-- Opening Marker --
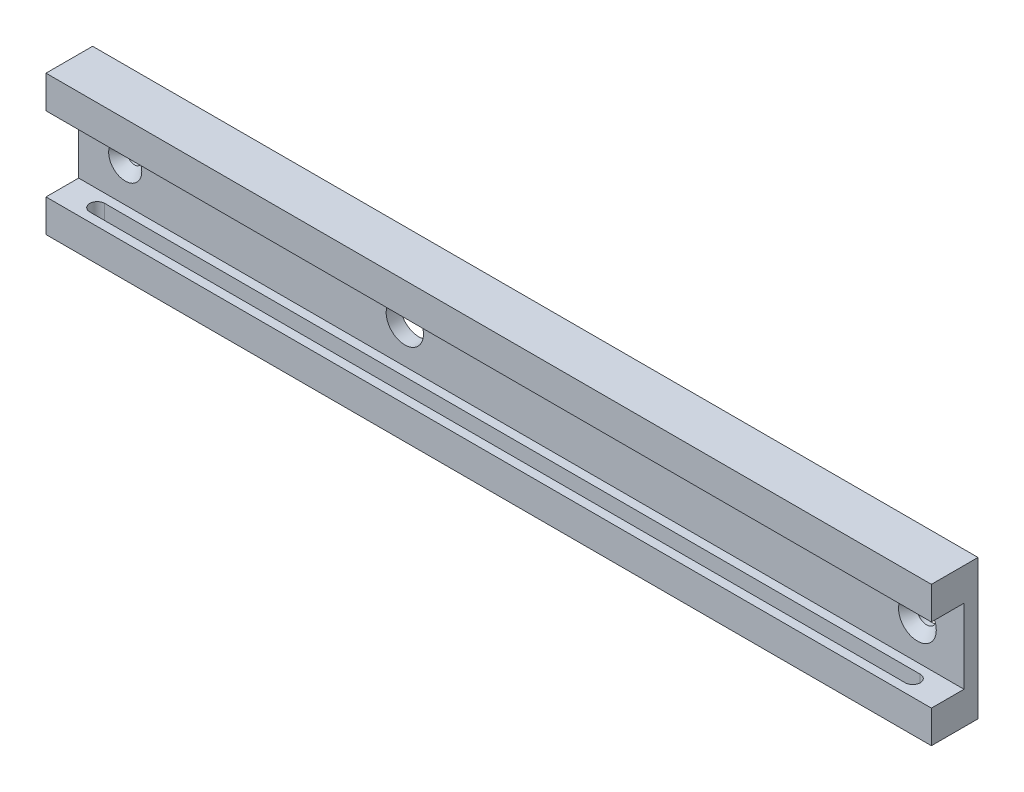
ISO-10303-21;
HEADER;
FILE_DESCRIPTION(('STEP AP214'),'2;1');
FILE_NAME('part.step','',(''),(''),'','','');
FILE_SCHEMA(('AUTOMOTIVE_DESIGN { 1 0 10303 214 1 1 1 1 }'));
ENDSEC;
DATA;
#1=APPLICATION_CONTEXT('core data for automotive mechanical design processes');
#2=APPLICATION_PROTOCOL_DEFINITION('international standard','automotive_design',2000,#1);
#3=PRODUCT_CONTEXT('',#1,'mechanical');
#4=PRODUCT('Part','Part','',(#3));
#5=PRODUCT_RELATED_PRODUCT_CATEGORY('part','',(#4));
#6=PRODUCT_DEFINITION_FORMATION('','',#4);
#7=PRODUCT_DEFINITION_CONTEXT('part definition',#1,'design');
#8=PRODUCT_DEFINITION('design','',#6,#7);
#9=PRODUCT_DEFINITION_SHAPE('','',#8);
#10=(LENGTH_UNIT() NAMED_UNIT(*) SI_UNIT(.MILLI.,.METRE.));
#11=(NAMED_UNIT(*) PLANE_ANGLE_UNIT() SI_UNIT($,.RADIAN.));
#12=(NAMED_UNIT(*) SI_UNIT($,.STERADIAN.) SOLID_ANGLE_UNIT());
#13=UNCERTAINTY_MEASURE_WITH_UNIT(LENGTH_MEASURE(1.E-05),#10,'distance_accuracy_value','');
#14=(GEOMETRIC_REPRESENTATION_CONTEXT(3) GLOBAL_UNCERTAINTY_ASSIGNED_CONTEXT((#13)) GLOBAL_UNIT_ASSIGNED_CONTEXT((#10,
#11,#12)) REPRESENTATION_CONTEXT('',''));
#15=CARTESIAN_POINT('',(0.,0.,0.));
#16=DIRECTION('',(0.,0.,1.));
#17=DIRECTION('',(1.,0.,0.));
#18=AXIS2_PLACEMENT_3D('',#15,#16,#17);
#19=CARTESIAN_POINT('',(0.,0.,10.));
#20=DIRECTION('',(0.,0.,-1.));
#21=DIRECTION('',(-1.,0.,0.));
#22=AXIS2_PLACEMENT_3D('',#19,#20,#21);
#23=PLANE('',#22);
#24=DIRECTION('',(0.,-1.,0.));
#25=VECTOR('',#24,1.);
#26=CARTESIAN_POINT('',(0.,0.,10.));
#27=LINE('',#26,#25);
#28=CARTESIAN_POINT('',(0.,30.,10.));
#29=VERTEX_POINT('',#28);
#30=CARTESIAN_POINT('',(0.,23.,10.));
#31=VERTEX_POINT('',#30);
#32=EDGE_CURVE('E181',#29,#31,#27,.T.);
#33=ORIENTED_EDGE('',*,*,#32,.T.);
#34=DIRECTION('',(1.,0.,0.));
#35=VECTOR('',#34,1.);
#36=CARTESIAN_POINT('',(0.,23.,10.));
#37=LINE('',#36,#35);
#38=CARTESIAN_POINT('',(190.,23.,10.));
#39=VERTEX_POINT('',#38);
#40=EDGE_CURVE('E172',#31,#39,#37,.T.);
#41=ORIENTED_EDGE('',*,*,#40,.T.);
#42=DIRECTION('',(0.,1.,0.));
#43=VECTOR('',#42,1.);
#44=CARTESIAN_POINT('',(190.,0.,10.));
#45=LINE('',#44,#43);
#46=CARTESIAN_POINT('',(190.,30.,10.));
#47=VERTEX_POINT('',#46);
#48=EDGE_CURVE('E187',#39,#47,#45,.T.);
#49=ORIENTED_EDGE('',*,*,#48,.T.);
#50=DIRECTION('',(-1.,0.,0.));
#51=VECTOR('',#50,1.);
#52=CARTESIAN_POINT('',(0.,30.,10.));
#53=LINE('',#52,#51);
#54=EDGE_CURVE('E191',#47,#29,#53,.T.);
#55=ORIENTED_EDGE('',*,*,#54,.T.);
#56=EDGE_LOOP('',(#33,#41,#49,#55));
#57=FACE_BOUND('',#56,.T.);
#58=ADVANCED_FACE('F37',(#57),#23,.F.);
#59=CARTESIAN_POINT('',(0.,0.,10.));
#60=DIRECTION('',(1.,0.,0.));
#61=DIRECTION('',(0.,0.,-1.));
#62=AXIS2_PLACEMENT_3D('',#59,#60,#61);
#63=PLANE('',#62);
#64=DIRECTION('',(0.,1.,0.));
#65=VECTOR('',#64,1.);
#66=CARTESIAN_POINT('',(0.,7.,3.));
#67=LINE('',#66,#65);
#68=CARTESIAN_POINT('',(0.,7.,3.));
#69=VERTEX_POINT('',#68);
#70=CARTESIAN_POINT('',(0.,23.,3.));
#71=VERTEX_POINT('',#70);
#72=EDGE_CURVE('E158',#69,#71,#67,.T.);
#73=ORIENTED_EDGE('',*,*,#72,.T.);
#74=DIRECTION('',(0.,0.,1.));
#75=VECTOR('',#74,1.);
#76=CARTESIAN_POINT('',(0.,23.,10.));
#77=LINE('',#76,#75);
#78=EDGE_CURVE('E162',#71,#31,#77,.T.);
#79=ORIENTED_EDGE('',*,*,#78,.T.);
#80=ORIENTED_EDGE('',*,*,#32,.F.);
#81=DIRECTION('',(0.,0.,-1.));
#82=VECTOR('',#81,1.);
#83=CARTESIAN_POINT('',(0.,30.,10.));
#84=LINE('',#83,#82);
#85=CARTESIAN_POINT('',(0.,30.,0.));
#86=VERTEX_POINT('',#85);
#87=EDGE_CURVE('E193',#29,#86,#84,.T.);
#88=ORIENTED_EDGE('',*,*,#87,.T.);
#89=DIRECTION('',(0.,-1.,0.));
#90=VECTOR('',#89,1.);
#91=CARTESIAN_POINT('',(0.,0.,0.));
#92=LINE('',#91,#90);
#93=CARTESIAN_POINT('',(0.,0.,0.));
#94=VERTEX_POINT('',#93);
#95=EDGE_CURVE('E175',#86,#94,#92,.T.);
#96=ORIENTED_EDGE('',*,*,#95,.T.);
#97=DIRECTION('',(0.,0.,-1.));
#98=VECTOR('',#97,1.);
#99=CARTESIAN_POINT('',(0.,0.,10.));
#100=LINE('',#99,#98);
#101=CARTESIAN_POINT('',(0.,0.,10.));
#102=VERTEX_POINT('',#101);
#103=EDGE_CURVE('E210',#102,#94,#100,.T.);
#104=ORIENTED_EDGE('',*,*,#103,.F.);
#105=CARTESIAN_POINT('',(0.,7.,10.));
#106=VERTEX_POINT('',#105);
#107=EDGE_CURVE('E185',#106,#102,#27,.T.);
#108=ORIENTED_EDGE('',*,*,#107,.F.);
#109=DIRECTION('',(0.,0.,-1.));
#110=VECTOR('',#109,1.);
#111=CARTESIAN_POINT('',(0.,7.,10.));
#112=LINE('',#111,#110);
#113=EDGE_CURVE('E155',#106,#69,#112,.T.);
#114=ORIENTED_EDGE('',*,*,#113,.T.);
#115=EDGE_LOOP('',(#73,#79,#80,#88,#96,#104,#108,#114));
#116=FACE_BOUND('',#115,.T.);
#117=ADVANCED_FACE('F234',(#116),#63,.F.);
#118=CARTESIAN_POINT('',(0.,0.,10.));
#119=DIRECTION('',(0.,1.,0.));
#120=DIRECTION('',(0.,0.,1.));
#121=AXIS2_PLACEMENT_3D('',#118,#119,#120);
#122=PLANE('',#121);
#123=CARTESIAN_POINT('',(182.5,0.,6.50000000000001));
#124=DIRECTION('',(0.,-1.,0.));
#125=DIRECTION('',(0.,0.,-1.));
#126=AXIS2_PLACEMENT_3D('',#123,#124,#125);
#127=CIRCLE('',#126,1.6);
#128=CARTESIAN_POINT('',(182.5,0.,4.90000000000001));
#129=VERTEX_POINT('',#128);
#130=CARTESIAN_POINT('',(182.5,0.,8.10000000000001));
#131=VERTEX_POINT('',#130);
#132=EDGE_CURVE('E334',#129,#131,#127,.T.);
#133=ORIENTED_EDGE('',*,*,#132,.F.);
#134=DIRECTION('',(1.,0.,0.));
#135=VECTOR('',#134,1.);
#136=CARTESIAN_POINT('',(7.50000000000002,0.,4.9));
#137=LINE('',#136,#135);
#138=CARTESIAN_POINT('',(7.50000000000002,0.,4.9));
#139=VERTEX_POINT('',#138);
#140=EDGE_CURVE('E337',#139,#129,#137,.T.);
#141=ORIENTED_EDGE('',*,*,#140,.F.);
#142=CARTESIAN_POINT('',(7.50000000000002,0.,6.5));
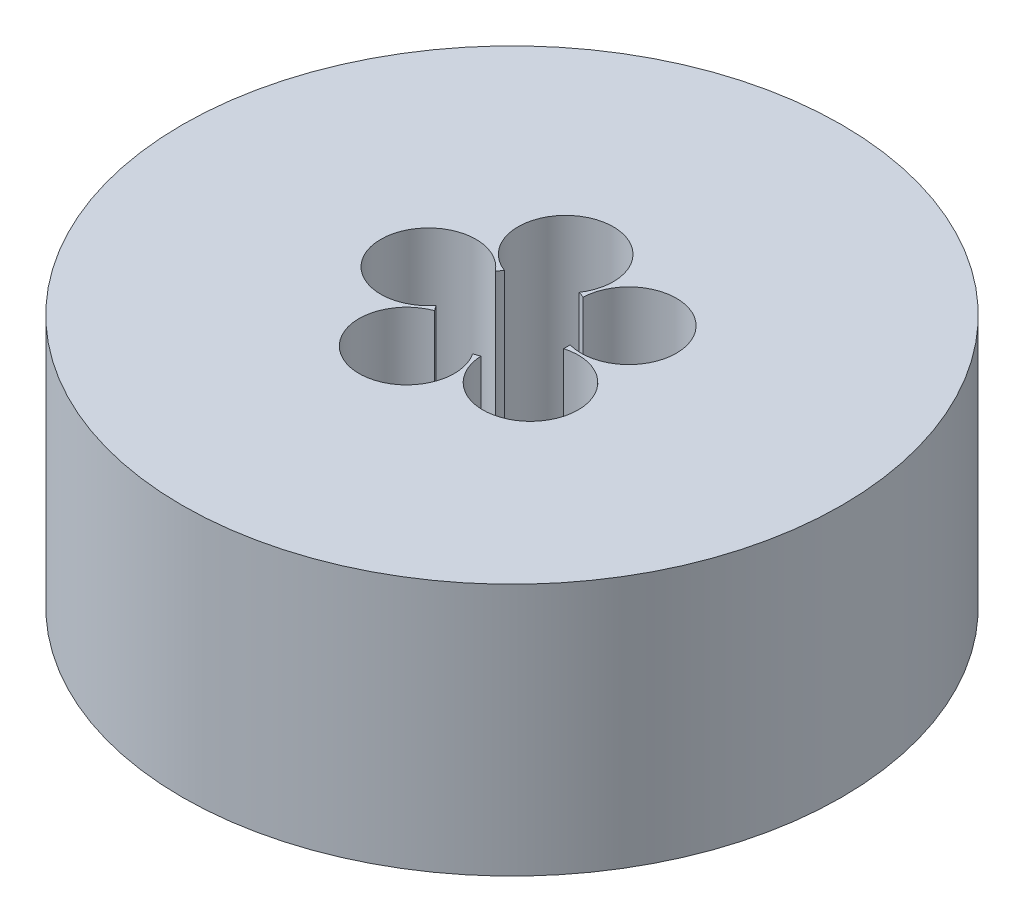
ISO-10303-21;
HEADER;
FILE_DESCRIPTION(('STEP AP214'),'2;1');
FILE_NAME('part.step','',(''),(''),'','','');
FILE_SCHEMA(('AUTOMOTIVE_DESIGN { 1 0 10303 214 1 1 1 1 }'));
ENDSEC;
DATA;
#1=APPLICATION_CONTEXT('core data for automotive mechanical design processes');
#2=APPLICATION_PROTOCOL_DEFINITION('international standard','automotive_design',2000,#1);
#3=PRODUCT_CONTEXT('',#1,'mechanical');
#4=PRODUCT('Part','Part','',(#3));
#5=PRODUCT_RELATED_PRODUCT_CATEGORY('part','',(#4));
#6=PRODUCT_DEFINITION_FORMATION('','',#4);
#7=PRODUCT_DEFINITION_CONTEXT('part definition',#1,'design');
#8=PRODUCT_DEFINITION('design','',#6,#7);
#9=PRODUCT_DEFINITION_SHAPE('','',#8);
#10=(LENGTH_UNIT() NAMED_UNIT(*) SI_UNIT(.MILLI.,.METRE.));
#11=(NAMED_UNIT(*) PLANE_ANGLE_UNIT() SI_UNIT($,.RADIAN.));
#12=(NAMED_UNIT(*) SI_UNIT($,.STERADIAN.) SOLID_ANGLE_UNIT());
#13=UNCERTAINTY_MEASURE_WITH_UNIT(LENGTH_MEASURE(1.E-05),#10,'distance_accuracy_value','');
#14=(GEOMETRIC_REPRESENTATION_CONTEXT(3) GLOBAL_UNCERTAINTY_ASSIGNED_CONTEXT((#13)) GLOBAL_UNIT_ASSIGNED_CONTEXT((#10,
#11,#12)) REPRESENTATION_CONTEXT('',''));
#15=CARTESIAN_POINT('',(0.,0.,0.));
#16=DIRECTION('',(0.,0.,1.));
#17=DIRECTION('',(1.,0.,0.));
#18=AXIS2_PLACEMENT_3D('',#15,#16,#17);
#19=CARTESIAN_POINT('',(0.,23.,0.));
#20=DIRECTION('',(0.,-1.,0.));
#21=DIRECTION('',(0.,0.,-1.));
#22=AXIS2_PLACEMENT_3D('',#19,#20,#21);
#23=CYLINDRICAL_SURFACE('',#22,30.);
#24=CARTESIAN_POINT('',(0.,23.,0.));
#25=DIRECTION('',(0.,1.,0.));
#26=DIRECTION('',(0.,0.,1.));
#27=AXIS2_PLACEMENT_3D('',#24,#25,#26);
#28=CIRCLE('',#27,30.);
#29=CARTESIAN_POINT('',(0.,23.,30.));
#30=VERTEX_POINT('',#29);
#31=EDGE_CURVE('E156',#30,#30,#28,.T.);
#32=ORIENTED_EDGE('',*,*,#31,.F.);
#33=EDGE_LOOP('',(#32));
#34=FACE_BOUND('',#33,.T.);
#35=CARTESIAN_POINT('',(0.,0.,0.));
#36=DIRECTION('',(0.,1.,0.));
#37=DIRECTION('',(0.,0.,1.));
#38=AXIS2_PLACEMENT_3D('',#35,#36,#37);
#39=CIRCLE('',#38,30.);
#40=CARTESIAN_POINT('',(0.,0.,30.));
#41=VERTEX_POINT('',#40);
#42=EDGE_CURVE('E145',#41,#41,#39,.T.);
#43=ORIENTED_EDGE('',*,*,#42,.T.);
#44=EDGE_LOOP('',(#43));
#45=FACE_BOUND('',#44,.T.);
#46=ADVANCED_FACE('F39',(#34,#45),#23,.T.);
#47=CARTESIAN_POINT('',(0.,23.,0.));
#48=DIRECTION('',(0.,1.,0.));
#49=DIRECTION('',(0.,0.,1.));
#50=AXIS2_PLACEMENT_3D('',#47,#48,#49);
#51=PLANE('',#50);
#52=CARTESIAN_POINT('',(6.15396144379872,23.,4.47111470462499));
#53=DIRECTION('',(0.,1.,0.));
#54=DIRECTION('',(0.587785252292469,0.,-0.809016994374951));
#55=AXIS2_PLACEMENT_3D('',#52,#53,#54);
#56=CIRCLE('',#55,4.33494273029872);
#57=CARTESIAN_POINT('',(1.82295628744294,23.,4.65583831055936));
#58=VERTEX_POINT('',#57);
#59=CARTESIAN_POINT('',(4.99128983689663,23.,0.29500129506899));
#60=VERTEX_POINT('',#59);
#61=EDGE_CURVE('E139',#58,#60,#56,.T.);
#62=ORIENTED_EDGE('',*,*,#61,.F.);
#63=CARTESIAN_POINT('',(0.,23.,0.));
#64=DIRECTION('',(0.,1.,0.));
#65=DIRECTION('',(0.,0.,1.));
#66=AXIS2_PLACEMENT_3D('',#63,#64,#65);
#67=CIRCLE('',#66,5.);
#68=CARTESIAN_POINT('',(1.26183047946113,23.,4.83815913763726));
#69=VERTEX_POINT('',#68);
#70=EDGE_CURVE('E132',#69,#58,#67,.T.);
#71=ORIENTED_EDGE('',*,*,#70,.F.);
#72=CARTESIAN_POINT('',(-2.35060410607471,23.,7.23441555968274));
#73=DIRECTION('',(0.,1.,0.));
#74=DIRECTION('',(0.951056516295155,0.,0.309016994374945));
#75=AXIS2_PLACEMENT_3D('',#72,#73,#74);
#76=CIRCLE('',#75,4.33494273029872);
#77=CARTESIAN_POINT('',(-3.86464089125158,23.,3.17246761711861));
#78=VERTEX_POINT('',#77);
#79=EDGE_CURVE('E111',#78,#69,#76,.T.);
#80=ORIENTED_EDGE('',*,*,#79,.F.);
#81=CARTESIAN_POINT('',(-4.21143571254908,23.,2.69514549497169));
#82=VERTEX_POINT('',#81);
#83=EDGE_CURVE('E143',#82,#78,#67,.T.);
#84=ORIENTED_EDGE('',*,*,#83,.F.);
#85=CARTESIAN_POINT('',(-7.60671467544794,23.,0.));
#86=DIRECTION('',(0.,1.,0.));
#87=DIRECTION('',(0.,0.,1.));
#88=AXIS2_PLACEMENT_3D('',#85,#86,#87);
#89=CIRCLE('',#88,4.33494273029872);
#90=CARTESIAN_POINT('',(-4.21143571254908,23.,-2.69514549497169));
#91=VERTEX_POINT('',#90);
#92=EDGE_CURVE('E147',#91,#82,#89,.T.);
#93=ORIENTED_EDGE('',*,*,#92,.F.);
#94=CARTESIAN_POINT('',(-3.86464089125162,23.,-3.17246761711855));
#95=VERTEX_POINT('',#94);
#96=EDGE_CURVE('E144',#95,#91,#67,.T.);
-- Closing Marker --
Assigned task:
Looking at the data above, write out exactly the lines that start at the one containing "#81=DIRECTION('',(0.,0.,-1.));" and end at the one containing "#90=VECTOR('',#89,1.);"; include both and nothing beyond.

Your response:
#81=DIRECTION('',(0.,0.,-1.));
#82=VECTOR('',#81,1.);
#83=CARTESIAN_POINT('',(0.,30.,10.));
#84=LINE('',#83,#82);
#85=CARTESIAN_POINT('',(0.,30.,0.));
#86=VERTEX_POINT('',#85);
#87=EDGE_CURVE('E193',#29,#86,#84,.T.);
#88=ORIENTED_EDGE('',*,*,#87,.T.);
#89=DIRECTION('',(0.,-1.,0.));
#90=VECTOR('',#89,1.);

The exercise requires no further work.